Eglises d'Asie

Timor occidental : l’évêque d’Atambua demande que toute l’île de Timor soit placée sous le patronage des Nations Unies

Publié le 18/03/2010




Dans un appel lancé le 15 septembre dernier, Mgr Antonius Pain Ratu, évêque de Atambua, diocèse du Timor occidental, est intervenu sur un certain nombre de questions relatives au drame vécu actuellement par la population de la partie orientale de l’île. Il a en particulier demandé que le mandat des Nations Unies soit étendu à l’ensemble de l’île du Timor pour empêcher que les massacres de victimes innocentes ne se renouvellent : “Il est essentiel, a-t-il précisé, que la communauté internationale supervise l’île toute entière et pas seulement le Timor Oriental

L’évêque, qui s’adressait autant à son propre gouvernement qu’aux instances internationales, a souhaité la présence du Haut Commissariat aux réfugiés et de la Croix-Rouge internationale sur le territoire du Timor occidental, présence susceptible de garantir les besoins humanitaires des réfugiés venant du Timor Oriental, leur sécurité ainsi que leur droit à revenir dans leur patrie d’origine s’ils le souhaitent. Comme l’arrivée des forces de maintien de la paix oblige les milices et l’armée indonésienne à faire mouvement vers l’ouest de l’île, il est à craindre que ces unités, démoralisées, indisciplinées et humiliées ne continuent à semer la terreur sur les lieux où elles vont désormais stationner.

Selon l’évêque, dans les conditions actuelles, les réfugiés ont peu de chances d’être autorisés à revenir sur leur sol natal dans de brefs délais. Leur évacuation depuis Dili jusqu’à la frontière du Timor occidental a été réalisée, en effet, dans un objectif politique. Il se pourrait que les autorités indonésiennes fassent passer ces 200 000 réfugiés pour de prétendus partisans de l’intégration du Timor Oriental à l’Indonésie et prennent prétexte de leur présence à cet endroit pour n’accorder l’indépendance que sur la moitié du territoire du Timor oriental, la partie est.

Par ailleurs, un certain nombre d’informations concernant Kupang, chef-lieu du Timor occidental, située à l’extrémité occidentale de la province, ont été fournies par un militant catholique originaire de cette ville, qui a voulu conserver l’anonymat. Selon ses dires, les enlèvements de réfugiés suspectés d’être des partisans de l’indépendance sont devenus courants dans cette ville où désormais règne une certaine insécurité. Les militaires et les membres des milices en provenance de Timor oriental y rodent autour des églises mais aussi des lieux publics comme les hôpitaux, les bureaux de postes, les stations d’autobus, à la recherche de militants pro-indépendantistes.

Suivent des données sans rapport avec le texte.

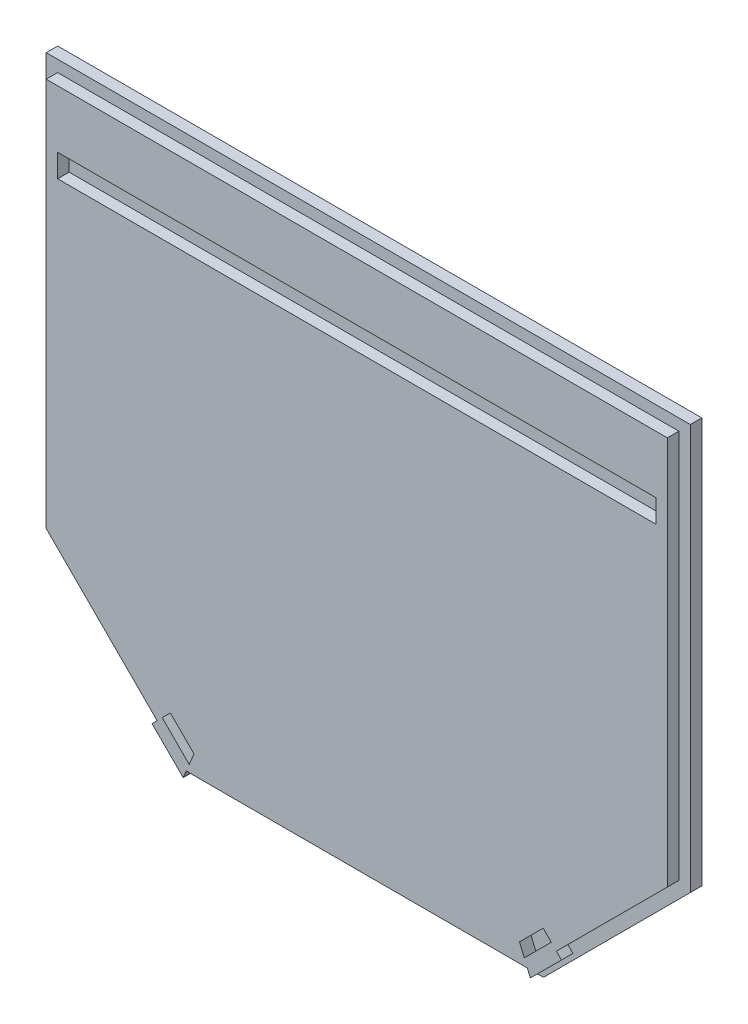
ISO-10303-21;
HEADER;
FILE_DESCRIPTION(('STEP AP214'),'2;1');
FILE_NAME('part.step','',(''),(''),'','','');
FILE_SCHEMA(('AUTOMOTIVE_DESIGN { 1 0 10303 214 1 1 1 1 }'));
ENDSEC;
DATA;
#1=APPLICATION_CONTEXT('core data for automotive mechanical design processes');
#2=APPLICATION_PROTOCOL_DEFINITION('international standard','automotive_design',2000,#1);
#3=PRODUCT_CONTEXT('',#1,'mechanical');
#4=PRODUCT('Part','Part','',(#3));
#5=PRODUCT_RELATED_PRODUCT_CATEGORY('part','',(#4));
#6=PRODUCT_DEFINITION_FORMATION('','',#4);
#7=PRODUCT_DEFINITION_CONTEXT('part definition',#1,'design');
#8=PRODUCT_DEFINITION('design','',#6,#7);
#9=PRODUCT_DEFINITION_SHAPE('','',#8);
#10=(LENGTH_UNIT() NAMED_UNIT(*) SI_UNIT(.MILLI.,.METRE.));
#11=(NAMED_UNIT(*) PLANE_ANGLE_UNIT() SI_UNIT($,.RADIAN.));
#12=(NAMED_UNIT(*) SI_UNIT($,.STERADIAN.) SOLID_ANGLE_UNIT());
#13=UNCERTAINTY_MEASURE_WITH_UNIT(LENGTH_MEASURE(1.E-05),#10,'distance_accuracy_value','');
#14=(GEOMETRIC_REPRESENTATION_CONTEXT(3) GLOBAL_UNCERTAINTY_ASSIGNED_CONTEXT((#13)) GLOBAL_UNIT_ASSIGNED_CONTEXT((#10,
#11,#12)) REPRESENTATION_CONTEXT('',''));
#15=CARTESIAN_POINT('',(0.,0.,0.));
#16=DIRECTION('',(0.,0.,1.));
#17=DIRECTION('',(1.,0.,0.));
#18=AXIS2_PLACEMENT_3D('',#15,#16,#17);
#19=CARTESIAN_POINT('',(0.,0.,12.7));
#20=DIRECTION('',(1.,0.,0.));
#21=DIRECTION('',(0.,1.,0.));
#22=AXIS2_PLACEMENT_3D('',#19,#20,#21);
#23=PLANE('',#22);
#24=DIRECTION('',(0.,-1.,0.));
#25=VECTOR('',#24,1.);
#26=CARTESIAN_POINT('',(0.,0.,6.35));
#27=LINE('',#26,#25);
#28=CARTESIAN_POINT('',(0.,0.,6.35));
#29=VERTEX_POINT('',#28);
#30=CARTESIAN_POINT('',(0.,-223.774000000001,6.35));
#31=VERTEX_POINT('',#30);
#32=EDGE_CURVE('E359',#29,#31,#27,.T.);
#33=ORIENTED_EDGE('',*,*,#32,.F.);
#34=DIRECTION('',(0.,0.,-1.));
#35=VECTOR('',#34,1.);
#36=CARTESIAN_POINT('',(0.,0.,12.7));
#37=LINE('',#36,#35);
#38=CARTESIAN_POINT('',(0.,0.,0.));
#39=VERTEX_POINT('',#38);
#40=EDGE_CURVE('E478',#29,#39,#37,.T.);
#41=ORIENTED_EDGE('',*,*,#40,.T.);
#42=DIRECTION('',(0.,-1.,0.));
#43=VECTOR('',#42,1.);
#44=CARTESIAN_POINT('',(0.,0.,0.));
#45=LINE('',#44,#43);
#46=CARTESIAN_POINT('',(0.,-223.774000000001,0.));
#47=VERTEX_POINT('',#46);
#48=EDGE_CURVE('E454',#39,#47,#45,.T.);
#49=ORIENTED_EDGE('',*,*,#48,.T.);
#50=DIRECTION('',(0.,0.,-1.));
#51=VECTOR('',#50,1.);
#52=CARTESIAN_POINT('',(0.,-223.774000000001,12.7));
#53=LINE('',#52,#51);
#54=EDGE_CURVE('E12',#31,#47,#53,.T.);
#55=ORIENTED_EDGE('',*,*,#54,.F.);
#56=EDGE_LOOP('',(#33,#41,#49,#55));
#57=FACE_BOUND('',#56,.T.);
#58=ADVANCED_FACE('F64',(#57),#23,.F.);
#59=CARTESIAN_POINT('',(81.026,-304.8,12.7));
#60=DIRECTION('',(0.707106781186543,0.707106781186552,0.));
#61=DIRECTION('',(-0.707106781186552,0.707106781186543,0.));
#62=AXIS2_PLACEMENT_3D('',#59,#60,#61);
#63=PLANE('',#62);
#64=DIRECTION('',(0.707106781186551,-0.707106781186544,0.));
#65=VECTOR('',#64,1.);
#66=CARTESIAN_POINT('',(-111.887,-111.887000000002,6.35));
#67=LINE('',#66,#65);
#68=CARTESIAN_POINT('',(81.026,-304.8,6.35));
#69=VERTEX_POINT('',#68);
#70=EDGE_CURVE('E361',#31,#69,#67,.T.);
#71=ORIENTED_EDGE('',*,*,#70,.F.);
#72=ORIENTED_EDGE('',*,*,#54,.T.);
#73=DIRECTION('',(0.707106781186552,-0.707106781186543,0.));
#74=VECTOR('',#73,1.);
#75=CARTESIAN_POINT('',(81.026,-304.8,0.));
#76=LINE('',#75,#74);
#77=CARTESIAN_POINT('',(81.026,-304.8,0.));
#78=VERTEX_POINT('',#77);
#79=EDGE_CURVE('E463',#47,#78,#76,.T.);
#80=ORIENTED_EDGE('',*,*,#79,.T.);
#81=DIRECTION('',(0.,0.,-1.));
#82=VECTOR('',#81,1.);
#83=CARTESIAN_POINT('',(81.026,-304.8,12.7));
#84=LINE('',#83,#82);
#85=EDGE_CURVE('E71',#69,#78,#84,.T.);
#86=ORIENTED_EDGE('',*,*,#85,.F.);
#87=EDGE_LOOP('',(#71,#72,#80,#86));
#88=FACE_BOUND('',#87,.T.);
#89=ADVANCED_FACE('F494',(#88),#63,.F.);
#90=CARTESIAN_POINT('',(81.026,-304.8,12.7));
#91=DIRECTION('',(0.,1.,0.));
#92=DIRECTION('',(0.,0.,1.));
#93=AXIS2_PLACEMENT_3D('',#90,#91,#92);
#94=PLANE('',#93);
#95=DIRECTION('',(1.,0.,0.));
#96=VECTOR('',#95,1.);
#97=CARTESIAN_POINT('',(0.,-304.8,6.35));
#98=LINE('',#97,#96);
#99=CARTESIAN_POINT('',(274.574,-304.8,6.35));
#100=VERTEX_POINT('',#99);
#101=EDGE_CURVE('E363',#69,#100,#98,.T.);
#102=ORIENTED_EDGE('',*,*,#101,.F.);
#103=ORIENTED_EDGE('',*,*,#85,.T.);
#104=DIRECTION('',(1.,0.,0.));
#105=VECTOR('',#104,1.);
#106=CARTESIAN_POINT('',(81.026,-304.8,0.));
#107=LINE('',#106,#105);
#108=CARTESIAN_POINT('',(274.574,-304.8,0.));
#109=VERTEX_POINT('',#108);
#110=EDGE_CURVE('E466',#78,#109,#107,.T.);
#111=ORIENTED_EDGE('',*,*,#110,.T.);
#112=DIRECTION('',(0.,0.,-1.));
#113=VECTOR('',#112,1.);
#114=CARTESIAN_POINT('',(274.574,-304.8,12.7));
#115=LINE('',#114,#113);
#116=EDGE_CURVE('E484',#100,#109,#115,.T.);
#117=ORIENTED_EDGE('',*,*,#116,.F.);
#118=EDGE_LOOP('',(#102,#103,#111,#117));
#119=FACE_BOUND('',#118,.T.);
#120=ADVANCED_FACE('F488',(#119),#94,.F.);
#121=CARTESIAN_POINT('',(292.534512242138,-286.839487757862,12.7));
#122=DIRECTION('',(-0.707106781186544,0.707106781186551,0.));
#123=DIRECTION('',(-0.707106781186551,-0.707106781186544,0.));
#124=AXIS2_PLACEMENT_3D('',#121,#122,#123);
#125=PLANE('',#124);
#126=DIRECTION('',(0.707106781186552,0.707106781186543,0.));
#127=VECTOR('',#126,1.);
#128=CARTESIAN_POINT('',(289.686999999998,-289.687000000002,6.35));
#129=LINE('',#128,#127);
#130=CARTESIAN_POINT('',(355.6,-223.774000000001,6.35));
#131=VERTEX_POINT('',#130);
#132=EDGE_CURVE('E365',#100,#131,#129,.T.);
#133=ORIENTED_EDGE('',*,*,#132,.F.);
#134=ORIENTED_EDGE('',*,*,#116,.T.);
#135=DIRECTION('',(0.707106781186551,0.707106781186544,0.));
#136=VECTOR('',#135,1.);
#137=CARTESIAN_POINT('',(292.534512242138,-286.839487757862,0.));
#138=LINE('',#137,#136);
#139=CARTESIAN_POINT('',(355.6,-223.774000000001,0.));
#140=VERTEX_POINT('',#139);
#141=EDGE_CURVE('E469',#109,#140,#138,.T.);
#142=ORIENTED_EDGE('',*,*,#141,.T.);
#143=DIRECTION('',(0.,0.,-1.));
#144=VECTOR('',#143,1.);
#145=CARTESIAN_POINT('',(355.6,-223.774000000001,12.7));
#146=LINE('',#145,#144);
#147=EDGE_CURVE('E482',#131,#140,#146,.T.);
#148=ORIENTED_EDGE('',*,*,#147,.F.);
#149=EDGE_LOOP('',(#133,#134,#142,#148));
#150=FACE_BOUND('',#149,.T.);
#151=ADVANCED_FACE('F505',(#150),#125,.F.);
#152=CARTESIAN_POINT('',(355.6,-223.774000000001,12.7));
#153=DIRECTION('',(-1.,0.,0.));
#154=DIRECTION('',(0.,0.,1.));
#155=AXIS2_PLACEMENT_3D('',#152,#153,#154);
#156=PLANE('',#155);
#157=DIRECTION('',(0.,1.,0.));
#158=VECTOR('',#157,1.);
#159=CARTESIAN_POINT('',(355.6,0.,6.35));
#160=LINE('',#159,#158);
#161=CARTESIAN_POINT('',(355.6,0.,6.35));
#162=VERTEX_POINT('',#161);
#163=EDGE_CURVE('E367',#131,#162,#160,.T.);
#164=ORIENTED_EDGE('',*,*,#163,.F.);
#165=ORIENTED_EDGE('',*,*,#147,.T.);
#166=DIRECTION('',(0.,1.,0.));
#167=VECTOR('',#166,1.);
#168=CARTESIAN_POINT('',(355.6,-223.774000000001,0.));
#169=LINE('',#168,#167);
#170=CARTESIAN_POINT('',(355.6,0.,0.));
#171=VERTEX_POINT('',#170);
#172=EDGE_CURVE('E472',#140,#171,#169,.T.);
#173=ORIENTED_EDGE('',*,*,#172,.T.);
#174=DIRECTION('',(0.,0.,-1.));
#175=VECTOR('',#174,1.);
#176=CARTESIAN_POINT('',(355.6,0.,12.7));
#177=LINE('',#176,#175);
#178=EDGE_CURVE('E480',#162,#171,#177,.T.);
#179=ORIENTED_EDGE('',*,*,#178,.F.);
#180=EDGE_LOOP('',(#164,#165,#173,#179));
#181=FACE_BOUND('',#180,.T.);
#182=ADVANCED_FACE('F512',(#181),#156,.F.);
#183=CARTESIAN_POINT('',(0.,0.,12.7));
#184=DIRECTION('',(0.,-1.,0.));
#185=DIRECTION('',(0.,0.,-1.));
#186=AXIS2_PLACEMENT_3D('',#183,#184,#185);
#187=PLANE('',#186);
#188=DIRECTION('',(-1.,0.,0.));
#189=VECTOR('',#188,1.);
#190=CARTESIAN_POINT('',(0.,0.,6.35));
#191=LINE('',#190,#189);
#192=EDGE_CURVE('E357',#162,#29,#191,.T.);
#193=ORIENTED_EDGE('',*,*,#192,.F.);
#194=ORIENTED_EDGE('',*,*,#178,.T.);
#195=DIRECTION('',(-1.,0.,0.));
#196=VECTOR('',#195,1.);
#197=CARTESIAN_POINT('',(0.,0.,0.));
#198=LINE('',#197,#196);
#199=EDGE_CURVE('E475',#171,#39,#198,.T.);
#200=ORIENTED_EDGE('',*,*,#199,.T.);
#201=ORIENTED_EDGE('',*,*,#40,.F.);
#202=EDGE_LOOP('',(#193,#194,#200,#201));
#203=FACE_BOUND('',#202,.T.);
#204=ADVANCED_FACE('F514',(#203),#187,.F.);
#205=CARTESIAN_POINT('',(0.,0.,0.));
#206=DIRECTION('',(0.,0.,1.));
#207=DIRECTION('',(1.,0.,0.));
#208=AXIS2_PLACEMENT_3D('',#205,#206,#207);
#209=PLANE('',#208);
#210=ORIENTED_EDGE('',*,*,#48,.F.);
#211=ORIENTED_EDGE('',*,*,#199,.F.);
#212=ORIENTED_EDGE('',*,*,#172,.F.);
#213=ORIENTED_EDGE('',*,*,#141,.F.);
#214=ORIENTED_EDGE('',*,*,#110,.F.);
#215=ORIENTED_EDGE('',*,*,#79,.F.);
#216=EDGE_LOOP('',(#210,#211,#212,#213,#214,#215));
#217=FACE_BOUND('',#216,.T.);
#218=ADVANCED_FACE('F499',(#217),#209,.F.);
#219=CARTESIAN_POINT('',(2.79565736456703,2.79565736456703,6.35));
#220=DIRECTION('',(0.707106781186548,0.707106781186548,0.));
#221=DIRECTION('',(-0.707106781186548,0.707106781186548,0.));
#222=AXIS2_PLACEMENT_3D('',#219,#220,#221);
#223=PLANE('',#222);
#224=DIRECTION('',(-0.707106781186548,0.707106781186548,0.));
#225=VECTOR('',#224,1.);
#226=CARTESIAN_POINT('',(2.79565736456703,2.79565736456703,12.7));
#227=LINE('',#226,#225);
#228=CARTESIAN_POINT('',(290.812329726048,-285.221014996914,12.7));
#229=VERTEX_POINT('',#228);
#230=CARTESIAN_POINT('',(287.992529304033,-282.401214574899,12.7));
#231=VERTEX_POINT('',#230);
#232=EDGE_CURVE('E295',#229,#231,#227,.T.);
#233=ORIENTED_EDGE('',*,*,#232,.F.);
#234=DIRECTION('',(0.,0.,1.));
#235=VECTOR('',#234,1.);
#236=CARTESIAN_POINT('',(290.812329726048,-285.221014996914,6.35));
#237=LINE('',#236,#235);
#238=CARTESIAN_POINT('',(290.812329726048,-285.221014996914,6.35));
#239=VERTEX_POINT('',#238);
#240=EDGE_CURVE('E369',#239,#229,#237,.T.);
#241=ORIENTED_EDGE('',*,*,#240,.F.);
#242=DIRECTION('',(-0.707106781186548,0.707106781186548,0.));
#243=VECTOR('',#242,1.);
#244=CARTESIAN_POINT('',(2.79565736456703,2.79565736456703,6.35));
#245=LINE('',#244,#243);
#246=CARTESIAN_POINT('',(287.992529304033,-282.401214574899,6.35));
#247=VERTEX_POINT('',#246);
#248=EDGE_CURVE('E328',#239,#247,#245,.T.);
#249=ORIENTED_EDGE('',*,*,#248,.T.);
#250=DIRECTION('',(0.,0.,1.));
#251=VECTOR('',#250,1.);
#252=CARTESIAN_POINT('',(287.992529304033,-282.401214574899,6.35));
#253=LINE('',#252,#251);
#254=EDGE_CURVE('E404',#247,#231,#253,.T.);
#255=ORIENTED_EDGE('',*,*,#254,.T.);
#256=EDGE_LOOP('',(#233,#241,#249,#255));
#257=FACE_BOUND('',#256,.T.);
#258=ADVANCED_FACE('F536',(#257),#223,.T.);
#259=CARTESIAN_POINT('',(285.196871939467,-285.196871939465,6.35));
#260=DIRECTION('',(0.70710678118655,-0.707106781186545,0.));
#261=DIRECTION('',(0.707106781186545,0.70710678118655,0.));
#262=AXIS2_PLACEMENT_3D('',#259,#260,#261);
#263=PLANE('',#262);
#264=DIRECTION('',(0.707106781186545,0.70710678118655,0.));
#265=VECTOR('',#264,1.);
#266=CARTESIAN_POINT('',(285.196871939467,-285.196871939465,12.7));
#267=LINE('',#266,#265);
#268=CARTESIAN_POINT('',(349.25,-221.143743878931,12.7));
#269=VERTEX_POINT('',#268);
#270=EDGE_CURVE('E332',#231,#269,#267,.T.);
#271=ORIENTED_EDGE('',*,*,#270,.F.);
#272=ORIENTED_EDGE('',*,*,#254,.F.);
#273=DIRECTION('',(0.707106781186545,0.70710678118655,0.));
#274=VECTOR('',#273,1.);
#275=CARTESIAN_POINT('',(285.196871939467,-285.196871939465,6.35));
#276=LINE('',#275,#274);
#277=CARTESIAN_POINT('',(349.25,-221.143743878931,6.35));
#278=VERTEX_POINT('',#277);
#279=EDGE_CURVE('E355',#247,#278,#276,.T.);
#280=ORIENTED_EDGE('',*,*,#279,.T.);
#281=DIRECTION('',(0.,0.,1.));
#282=VECTOR('',#281,1.);
#283=CARTESIAN_POINT('',(349.25,-221.143743878931,6.35));
#284=LINE('',#283,#282);
#285=EDGE_CURVE('E408',#278,#269,#284,.T.);
#286=ORIENTED_EDGE('',*,*,#285,.T.);
#287=EDGE_LOOP('',(#271,#272,#280,#286));
#288=FACE_BOUND('',#287,.T.);
#289=ADVANCED_FACE('F564',(#288),#263,.T.);
#290=CARTESIAN_POINT('',(349.25,0.,6.35));
#291=DIRECTION('',(1.,0.,0.));
#292=DIRECTION('',(0.,0.,-1.));
#293=AXIS2_PLACEMENT_3D('',#290,#291,#292);
#294=PLANE('',#293);
#295=DIRECTION('',(0.,1.,0.));
#296=VECTOR('',#295,1.);
#297=CARTESIAN_POINT('',(349.25,0.,12.7));
#298=LINE('',#297,#296);
#299=CARTESIAN_POINT('',(349.25,-6.35,12.7));
#300=VERTEX_POINT('',#299);
#301=EDGE_CURVE('E399',#269,#300,#298,.T.);
#302=ORIENTED_EDGE('',*,*,#301,.F.);
#303=ORIENTED_EDGE('',*,*,#285,.F.);
#304=DIRECTION('',(0.,1.,0.));
#305=VECTOR('',#304,1.);
#306=CARTESIAN_POINT('',(349.25,0.,6.35));
#307=LINE('',#306,#305);
#308=CARTESIAN_POINT('',(349.25,-6.35,6.35));
#309=VERTEX_POINT('',#308);
#310=EDGE_CURVE('E353',#278,#309,#307,.T.);
#311=ORIENTED_EDGE('',*,*,#310,.T.);
#312=DIRECTION('',(0.,0.,1.));
#313=VECTOR('',#312,1.);
#314=CARTESIAN_POINT('',(349.25,-6.35,6.35));
#315=LINE('',#314,#313);
#316=EDGE_CURVE('E410',#309,#300,#315,.T.);
#317=ORIENTED_EDGE('',*,*,#316,.T.);
#318=EDGE_LOOP('',(#302,#303,#311,#317));
#319=FACE_BOUND('',#318,.T.);
#320=ADVANCED_FACE('F601',(#319),#294,.T.);
#321=CARTESIAN_POINT('',(0.,-6.35000000000004,6.35));
#322=DIRECTION('',(0.,1.,0.));
#323=DIRECTION('',(-1.,0.,0.));
#324=AXIS2_PLACEMENT_3D('',#321,#322,#323);
#325=PLANE('',#324);
#326=DIRECTION('',(-1.,0.,0.));
#327=VECTOR('',#326,1.);
#328=CARTESIAN_POINT('',(0.,-6.35000000000004,12.7));
#329=LINE('',#328,#327);
#330=CARTESIAN_POINT('',(6.35000000000002,-6.35000000000004,12.7));
#331=VERTEX_POINT('',#330);
#332=EDGE_CURVE('E396',#300,#331,#329,.T.);
#333=ORIENTED_EDGE('',*,*,#332,.F.);
#334=ORIENTED_EDGE('',*,*,#316,.F.);
#335=DIRECTION('',(-1.,0.,0.));
#336=VECTOR('',#335,1.);
#337=CARTESIAN_POINT('',(0.,-6.35000000000004,6.35));
#338=LINE('',#337,#336);
#339=CARTESIAN_POINT('',(6.35000000000002,-6.35000000000004,6.35));
#340=VERTEX_POINT('',#339);
#341=EDGE_CURVE('E351',#309,#340,#338,.T.);
#342=ORIENTED_EDGE('',*,*,#341,.T.);
#343=DIRECTION('',(0.,0.,1.));
#344=VECTOR('',#343,1.);
#345=CARTESIAN_POINT('',(6.35000000000002,-6.35000000000004,6.35));
#346=LINE('',#345,#344);
#347=EDGE_CURVE('E412',#340,#331,#346,.T.);
#348=ORIENTED_EDGE('',*,*,#347,.T.);
#349=EDGE_LOOP('',(#333,#334,#342,#348));
#350=FACE_BOUND('',#349,.T.);
#351=ADVANCED_FACE('F597',(#350),#325,.T.);
#352=CARTESIAN_POINT('',(6.35000000000002,0.,6.35));
#353=DIRECTION('',(-1.,0.,0.));
#354=DIRECTION('',(0.,-1.,0.));
#355=AXIS2_PLACEMENT_3D('',#352,#353,#354);
#356=PLANE('',#355);
#357=DIRECTION('',(0.,-1.,0.));
#358=VECTOR('',#357,1.);
#359=CARTESIAN_POINT('',(6.35000000000002,0.,12.7));
#360=LINE('',#359,#358);
#361=CARTESIAN_POINT('',(6.35000000000002,-221.143743878932,12.7));
#362=VERTEX_POINT('',#361);
#363=EDGE_CURVE('E393',#331,#362,#360,.T.);
#364=ORIENTED_EDGE('',*,*,#363,.F.);
#365=ORIENTED_EDGE('',*,*,#347,.F.);
#366=DIRECTION('',(0.,-1.,0.));
#367=VECTOR('',#366,1.);
#368=CARTESIAN_POINT('',(6.35000000000002,0.,6.35));
#369=LINE('',#368,#367);
#370=CARTESIAN_POINT('',(6.35000000000002,-221.143743878932,6.35));
#371=VERTEX_POINT('',#370);
#372=EDGE_CURVE('E349',#340,#371,#369,.T.);
#373=ORIENTED_EDGE('',*,*,#372,.T.);
#374=DIRECTION('',(0.,0.,1.));
#375=VECTOR('',#374,1.);
#376=CARTESIAN_POINT('',(6.35000000000002,-221.143743878932,6.35));
#377=LINE('',#376,#375);
#378=EDGE_CURVE('E414',#371,#362,#377,.T.);
#379=ORIENTED_EDGE('',*,*,#378,.T.);
#380=EDGE_LOOP('',(#364,#365,#373,#379));
#381=FACE_BOUND('',#380,.T.);
#382=ADVANCED_FACE('F593',(#381),#356,.T.);
#383=CARTESIAN_POINT('',(-107.396871939466,-107.396871939466,6.35));
#384=DIRECTION('',(-0.707106781186548,-0.707106781186547,0.));
#385=DIRECTION('',(0.707106781186547,-0.707106781186548,0.));
#386=AXIS2_PLACEMENT_3D('',#383,#384,#385);
#387=PLANE('',#386);
#388=DIRECTION('',(0.707106781186547,-0.707106781186548,0.));
#389=VECTOR('',#388,1.);
#390=CARTESIAN_POINT('',(-107.396871939466,-107.396871939466,12.7));
#391=LINE('',#390,#389);
#392=CARTESIAN_POINT('',(67.6074706959665,-282.401214574898,12.7));
#393=VERTEX_POINT('',#392);
#394=EDGE_CURVE('E390',#362,#393,#391,.T.);
#395=ORIENTED_EDGE('',*,*,#394,.F.);
#396=ORIENTED_EDGE('',*,*,#378,.F.);
#397=DIRECTION('',(0.707106781186547,-0.707106781186548,0.));
#398=VECTOR('',#397,1.);
#399=CARTESIAN_POINT('',(-107.396871939466,-107.396871939466,6.35));
#400=LINE('',#399,#398);
#401=CARTESIAN_POINT('',(67.6074706959665,-282.401214574898,6.35));
#402=VERTEX_POINT('',#401);
#403=EDGE_CURVE('E347',#371,#402,#400,.T.);
#404=ORIENTED_EDGE('',*,*,#403,.T.);
#405=DIRECTION('',(0.,0.,1.));
#406=VECTOR('',#405,1.);
#407=CARTESIAN_POINT('',(67.6074706959665,-282.401214574898,6.35));
#408=LINE('',#407,#406);
#409=EDGE_CURVE('E416',#402,#393,#408,.T.);
#410=ORIENTED_EDGE('',*,*,#409,.T.);
#411=EDGE_LOOP('',(#395,#396,#404,#410));
#412=FACE_BOUND('',#411,.T.);
#413=ADVANCED_FACE('F589',(#412),#387,.T.);
#414=CARTESIAN_POINT('',(175.004342635432,-175.004342635433,6.35));
#415=DIRECTION('',(0.707106781186546,-0.707106781186549,0.));
#416=DIRECTION('',(0.707106781186549,0.707106781186546,0.));
#417=AXIS2_PLACEMENT_3D('',#414,#415,#416);
#418=PLANE('',#417);
#419=DIRECTION('',(0.707106781186549,0.707106781186546,0.));
#420=VECTOR('',#419,1.);
#421=CARTESIAN_POINT('',(175.004342635432,-175.004342635433,12.7));
#422=LINE('',#421,#420);
#423=CARTESIAN_POINT('',(64.7876702739508,-285.221014996914,12.7));
#424=VERTEX_POINT('',#423);
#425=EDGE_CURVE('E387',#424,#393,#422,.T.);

L’évêque d’Atambua s’est également adressé aux organismes d’aide internationaux pour leur demander de venir au secours les réfugiés dans un certain nombre de domaines. Selon lui, les personnes déplacées ont aujourd’hui besoin de tentes, de réservoirs d’eau, de véhicules de transports, de nourriture et de vêtements. Il est urgent aussi que leur soit fournie une aide leur permettant d’incinérer leurs défunts qui sont nombreux chaque jour.